TASK DETAILS →
Begin at the line below that has "unnamed: R7.2, R8.2, R10.1, VD5.1, VT2.1" and stop after the line that has "unnamed: R55.1, R57.1, U9.6, VD23.2". Please restate only those lines, word for word.

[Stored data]
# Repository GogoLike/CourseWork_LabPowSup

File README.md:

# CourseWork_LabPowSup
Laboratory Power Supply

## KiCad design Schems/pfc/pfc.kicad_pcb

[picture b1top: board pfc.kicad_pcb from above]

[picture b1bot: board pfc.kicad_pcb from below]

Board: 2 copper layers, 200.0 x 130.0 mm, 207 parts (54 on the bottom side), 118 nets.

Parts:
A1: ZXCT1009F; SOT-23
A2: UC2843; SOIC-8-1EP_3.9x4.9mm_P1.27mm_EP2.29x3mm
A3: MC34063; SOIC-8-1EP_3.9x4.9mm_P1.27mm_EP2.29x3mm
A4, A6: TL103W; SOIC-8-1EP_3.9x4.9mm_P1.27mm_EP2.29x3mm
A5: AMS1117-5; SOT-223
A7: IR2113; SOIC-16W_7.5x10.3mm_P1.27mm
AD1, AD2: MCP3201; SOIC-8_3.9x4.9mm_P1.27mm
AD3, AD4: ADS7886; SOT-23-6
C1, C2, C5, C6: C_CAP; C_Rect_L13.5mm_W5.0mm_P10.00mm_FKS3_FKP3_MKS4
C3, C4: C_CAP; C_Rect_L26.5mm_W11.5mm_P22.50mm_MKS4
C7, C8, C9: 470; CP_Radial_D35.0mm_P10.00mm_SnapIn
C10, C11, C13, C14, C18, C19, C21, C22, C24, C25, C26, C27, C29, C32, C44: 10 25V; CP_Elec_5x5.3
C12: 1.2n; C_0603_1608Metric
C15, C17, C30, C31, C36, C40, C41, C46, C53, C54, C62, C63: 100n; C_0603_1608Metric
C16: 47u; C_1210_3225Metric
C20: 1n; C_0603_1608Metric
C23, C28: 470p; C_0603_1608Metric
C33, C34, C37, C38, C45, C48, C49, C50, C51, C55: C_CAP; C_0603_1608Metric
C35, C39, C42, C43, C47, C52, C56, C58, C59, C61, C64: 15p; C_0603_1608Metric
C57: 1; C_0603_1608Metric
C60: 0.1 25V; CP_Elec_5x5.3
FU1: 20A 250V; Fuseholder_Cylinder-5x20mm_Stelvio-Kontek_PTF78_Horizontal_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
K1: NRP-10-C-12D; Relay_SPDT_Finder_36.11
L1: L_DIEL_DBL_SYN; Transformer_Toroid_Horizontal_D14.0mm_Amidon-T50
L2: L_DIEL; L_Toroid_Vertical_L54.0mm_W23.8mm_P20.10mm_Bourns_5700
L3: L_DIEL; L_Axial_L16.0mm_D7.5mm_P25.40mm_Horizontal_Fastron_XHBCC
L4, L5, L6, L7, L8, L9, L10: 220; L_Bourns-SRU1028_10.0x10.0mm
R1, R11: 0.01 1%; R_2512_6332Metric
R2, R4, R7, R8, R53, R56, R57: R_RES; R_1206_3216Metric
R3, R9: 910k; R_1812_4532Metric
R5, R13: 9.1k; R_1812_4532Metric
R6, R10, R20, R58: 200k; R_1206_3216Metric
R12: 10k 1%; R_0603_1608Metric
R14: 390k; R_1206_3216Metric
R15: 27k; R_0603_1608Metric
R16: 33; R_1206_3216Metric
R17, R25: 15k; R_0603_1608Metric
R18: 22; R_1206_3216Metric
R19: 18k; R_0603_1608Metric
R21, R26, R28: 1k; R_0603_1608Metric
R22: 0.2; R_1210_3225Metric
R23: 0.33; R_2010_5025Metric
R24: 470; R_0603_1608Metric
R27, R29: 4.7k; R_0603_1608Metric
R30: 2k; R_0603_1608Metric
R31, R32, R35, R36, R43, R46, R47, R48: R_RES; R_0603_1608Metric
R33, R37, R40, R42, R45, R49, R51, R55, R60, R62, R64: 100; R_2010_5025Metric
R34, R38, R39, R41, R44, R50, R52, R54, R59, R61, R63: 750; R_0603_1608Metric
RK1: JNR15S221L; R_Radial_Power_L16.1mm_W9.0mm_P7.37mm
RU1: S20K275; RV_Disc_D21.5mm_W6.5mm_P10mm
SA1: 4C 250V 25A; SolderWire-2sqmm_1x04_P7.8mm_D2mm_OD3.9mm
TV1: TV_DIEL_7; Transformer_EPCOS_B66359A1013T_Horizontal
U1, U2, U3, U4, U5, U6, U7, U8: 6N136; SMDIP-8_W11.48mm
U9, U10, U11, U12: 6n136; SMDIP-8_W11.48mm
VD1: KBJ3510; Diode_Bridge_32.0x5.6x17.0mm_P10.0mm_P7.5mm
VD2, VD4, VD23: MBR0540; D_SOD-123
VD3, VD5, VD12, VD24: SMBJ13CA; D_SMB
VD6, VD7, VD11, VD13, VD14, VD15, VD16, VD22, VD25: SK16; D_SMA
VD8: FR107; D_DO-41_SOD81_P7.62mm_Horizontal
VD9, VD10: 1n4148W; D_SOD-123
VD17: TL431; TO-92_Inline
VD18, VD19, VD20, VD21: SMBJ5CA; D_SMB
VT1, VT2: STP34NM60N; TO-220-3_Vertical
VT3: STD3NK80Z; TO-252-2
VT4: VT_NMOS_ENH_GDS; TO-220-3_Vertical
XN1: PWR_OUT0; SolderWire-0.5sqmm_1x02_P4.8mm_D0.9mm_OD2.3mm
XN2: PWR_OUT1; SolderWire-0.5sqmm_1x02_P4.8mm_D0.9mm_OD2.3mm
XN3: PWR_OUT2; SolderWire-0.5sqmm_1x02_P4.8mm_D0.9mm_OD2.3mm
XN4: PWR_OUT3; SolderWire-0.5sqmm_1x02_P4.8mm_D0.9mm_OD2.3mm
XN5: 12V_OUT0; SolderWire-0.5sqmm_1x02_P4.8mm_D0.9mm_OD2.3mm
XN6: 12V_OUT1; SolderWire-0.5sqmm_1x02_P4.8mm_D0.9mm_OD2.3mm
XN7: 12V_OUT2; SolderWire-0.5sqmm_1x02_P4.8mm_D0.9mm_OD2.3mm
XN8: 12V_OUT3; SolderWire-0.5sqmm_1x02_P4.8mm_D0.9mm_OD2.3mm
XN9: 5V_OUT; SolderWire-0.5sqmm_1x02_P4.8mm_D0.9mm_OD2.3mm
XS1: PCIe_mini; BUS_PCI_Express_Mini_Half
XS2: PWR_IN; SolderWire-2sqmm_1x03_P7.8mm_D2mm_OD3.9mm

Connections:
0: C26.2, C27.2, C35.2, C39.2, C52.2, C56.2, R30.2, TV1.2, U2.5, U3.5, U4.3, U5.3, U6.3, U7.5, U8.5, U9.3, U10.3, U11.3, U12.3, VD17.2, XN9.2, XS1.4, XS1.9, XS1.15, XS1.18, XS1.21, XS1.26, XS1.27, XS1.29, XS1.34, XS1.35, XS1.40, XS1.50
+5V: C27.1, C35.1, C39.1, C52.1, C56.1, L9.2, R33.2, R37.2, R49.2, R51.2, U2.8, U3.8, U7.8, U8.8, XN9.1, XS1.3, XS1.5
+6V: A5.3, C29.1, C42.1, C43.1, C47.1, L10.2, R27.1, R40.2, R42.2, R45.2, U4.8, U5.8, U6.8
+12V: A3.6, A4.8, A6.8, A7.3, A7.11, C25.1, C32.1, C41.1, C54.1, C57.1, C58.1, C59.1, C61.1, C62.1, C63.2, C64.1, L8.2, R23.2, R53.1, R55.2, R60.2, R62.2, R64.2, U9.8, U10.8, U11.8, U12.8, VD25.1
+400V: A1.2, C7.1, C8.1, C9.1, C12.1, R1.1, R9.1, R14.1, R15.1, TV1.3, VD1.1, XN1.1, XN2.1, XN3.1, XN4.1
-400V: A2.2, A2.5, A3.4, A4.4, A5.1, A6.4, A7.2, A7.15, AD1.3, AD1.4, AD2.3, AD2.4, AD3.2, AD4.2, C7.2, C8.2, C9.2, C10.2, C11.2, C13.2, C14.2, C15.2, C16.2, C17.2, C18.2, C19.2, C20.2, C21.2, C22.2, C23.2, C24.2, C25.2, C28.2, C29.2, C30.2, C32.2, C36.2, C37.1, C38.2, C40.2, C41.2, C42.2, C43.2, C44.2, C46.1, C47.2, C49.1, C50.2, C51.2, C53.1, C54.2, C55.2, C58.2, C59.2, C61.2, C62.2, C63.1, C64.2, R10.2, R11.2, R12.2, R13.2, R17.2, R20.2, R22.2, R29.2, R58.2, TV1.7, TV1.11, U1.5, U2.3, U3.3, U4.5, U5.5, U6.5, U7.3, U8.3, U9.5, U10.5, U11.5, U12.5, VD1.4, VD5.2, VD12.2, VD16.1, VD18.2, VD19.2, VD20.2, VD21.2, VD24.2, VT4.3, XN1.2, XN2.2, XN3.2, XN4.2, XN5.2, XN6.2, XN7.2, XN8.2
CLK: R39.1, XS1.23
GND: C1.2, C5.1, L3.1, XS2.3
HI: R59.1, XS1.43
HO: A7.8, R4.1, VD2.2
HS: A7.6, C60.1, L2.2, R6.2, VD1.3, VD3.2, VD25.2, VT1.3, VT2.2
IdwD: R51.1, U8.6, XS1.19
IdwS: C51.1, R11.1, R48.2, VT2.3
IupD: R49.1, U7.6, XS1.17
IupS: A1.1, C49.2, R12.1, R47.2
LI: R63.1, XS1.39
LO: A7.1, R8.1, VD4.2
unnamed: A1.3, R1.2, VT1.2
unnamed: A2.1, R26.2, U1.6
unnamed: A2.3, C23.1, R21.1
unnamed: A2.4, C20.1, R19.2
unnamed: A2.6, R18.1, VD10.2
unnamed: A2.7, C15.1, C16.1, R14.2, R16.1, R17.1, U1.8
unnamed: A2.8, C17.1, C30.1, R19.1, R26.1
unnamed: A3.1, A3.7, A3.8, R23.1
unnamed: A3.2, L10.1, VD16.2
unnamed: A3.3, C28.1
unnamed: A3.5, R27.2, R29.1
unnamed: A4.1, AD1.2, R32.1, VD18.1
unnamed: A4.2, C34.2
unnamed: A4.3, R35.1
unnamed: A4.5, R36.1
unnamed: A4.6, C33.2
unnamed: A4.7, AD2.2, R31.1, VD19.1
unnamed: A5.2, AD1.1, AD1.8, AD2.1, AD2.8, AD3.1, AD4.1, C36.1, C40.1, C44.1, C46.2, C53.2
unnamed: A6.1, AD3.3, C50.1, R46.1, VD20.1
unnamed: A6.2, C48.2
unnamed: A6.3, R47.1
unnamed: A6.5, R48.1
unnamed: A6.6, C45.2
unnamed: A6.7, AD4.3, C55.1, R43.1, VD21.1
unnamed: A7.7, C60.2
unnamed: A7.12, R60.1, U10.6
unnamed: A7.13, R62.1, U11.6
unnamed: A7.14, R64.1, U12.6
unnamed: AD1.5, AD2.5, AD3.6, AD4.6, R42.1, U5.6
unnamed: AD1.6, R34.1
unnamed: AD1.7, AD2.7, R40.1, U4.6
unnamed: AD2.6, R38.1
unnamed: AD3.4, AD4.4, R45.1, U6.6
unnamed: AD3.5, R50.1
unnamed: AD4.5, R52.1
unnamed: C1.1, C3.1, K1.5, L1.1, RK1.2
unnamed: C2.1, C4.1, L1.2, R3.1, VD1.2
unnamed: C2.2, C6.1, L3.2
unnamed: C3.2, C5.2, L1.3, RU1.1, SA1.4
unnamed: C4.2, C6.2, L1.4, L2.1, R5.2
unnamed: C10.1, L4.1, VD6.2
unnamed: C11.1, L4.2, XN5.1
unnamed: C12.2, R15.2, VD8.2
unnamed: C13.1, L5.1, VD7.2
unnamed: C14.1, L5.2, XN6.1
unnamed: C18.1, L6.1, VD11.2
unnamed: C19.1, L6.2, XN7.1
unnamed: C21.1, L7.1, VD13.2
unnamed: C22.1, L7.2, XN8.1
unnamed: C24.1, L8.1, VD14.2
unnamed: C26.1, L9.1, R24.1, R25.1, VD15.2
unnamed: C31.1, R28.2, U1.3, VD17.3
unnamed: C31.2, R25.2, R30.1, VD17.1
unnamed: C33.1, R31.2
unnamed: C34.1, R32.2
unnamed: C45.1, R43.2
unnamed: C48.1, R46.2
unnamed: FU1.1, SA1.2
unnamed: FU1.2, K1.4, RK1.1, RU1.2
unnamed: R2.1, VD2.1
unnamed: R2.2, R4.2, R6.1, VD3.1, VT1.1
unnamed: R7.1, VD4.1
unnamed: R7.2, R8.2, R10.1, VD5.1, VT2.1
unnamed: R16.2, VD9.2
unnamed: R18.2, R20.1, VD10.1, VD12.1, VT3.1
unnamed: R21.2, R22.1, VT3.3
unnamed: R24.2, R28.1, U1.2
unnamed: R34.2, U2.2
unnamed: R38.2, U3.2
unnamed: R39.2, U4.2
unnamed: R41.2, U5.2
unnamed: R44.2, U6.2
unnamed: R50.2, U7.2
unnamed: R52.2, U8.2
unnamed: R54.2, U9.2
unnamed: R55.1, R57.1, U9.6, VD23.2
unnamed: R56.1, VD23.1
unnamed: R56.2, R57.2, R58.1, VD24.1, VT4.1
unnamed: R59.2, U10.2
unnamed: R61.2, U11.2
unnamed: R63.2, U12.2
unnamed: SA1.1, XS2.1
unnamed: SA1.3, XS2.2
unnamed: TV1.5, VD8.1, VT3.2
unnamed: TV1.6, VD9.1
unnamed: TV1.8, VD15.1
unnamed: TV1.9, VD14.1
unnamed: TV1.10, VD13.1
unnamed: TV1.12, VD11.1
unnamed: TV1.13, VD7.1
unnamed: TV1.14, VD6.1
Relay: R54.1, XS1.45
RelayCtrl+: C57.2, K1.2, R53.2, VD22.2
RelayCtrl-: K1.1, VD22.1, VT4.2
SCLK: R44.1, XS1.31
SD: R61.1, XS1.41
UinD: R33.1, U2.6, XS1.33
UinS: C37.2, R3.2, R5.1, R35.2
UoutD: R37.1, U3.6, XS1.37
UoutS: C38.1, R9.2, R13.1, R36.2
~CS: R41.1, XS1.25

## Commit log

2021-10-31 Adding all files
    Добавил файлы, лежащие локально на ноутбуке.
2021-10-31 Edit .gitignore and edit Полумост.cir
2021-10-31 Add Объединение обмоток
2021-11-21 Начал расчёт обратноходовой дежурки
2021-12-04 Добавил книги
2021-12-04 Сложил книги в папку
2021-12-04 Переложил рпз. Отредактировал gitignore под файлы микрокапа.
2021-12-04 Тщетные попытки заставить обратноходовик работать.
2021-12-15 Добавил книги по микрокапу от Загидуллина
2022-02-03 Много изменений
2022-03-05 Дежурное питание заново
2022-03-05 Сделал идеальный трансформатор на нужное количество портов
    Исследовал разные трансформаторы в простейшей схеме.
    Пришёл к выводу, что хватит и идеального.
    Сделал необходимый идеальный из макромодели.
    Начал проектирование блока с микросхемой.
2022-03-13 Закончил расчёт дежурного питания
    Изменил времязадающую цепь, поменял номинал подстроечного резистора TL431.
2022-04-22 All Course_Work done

TASK RESPONSE →
unnamed: R7.2, R8.2, R10.1, VD5.1, VT2.1
unnamed: R16.2, VD9.2
unnamed: R18.2, R20.1, VD10.1, VD12.1, VT3.1
unnamed: R21.2, R22.1, VT3.3
unnamed: R24.2, R28.1, U1.2
unnamed: R34.2, U2.2
unnamed: R38.2, U3.2
unnamed: R39.2, U4.2
unnamed: R41.2, U5.2
unnamed: R44.2, U6.2
unnamed: R50.2, U7.2
unnamed: R52.2, U8.2
unnamed: R54.2, U9.2
unnamed: R55.1, R57.1, U9.6, VD23.2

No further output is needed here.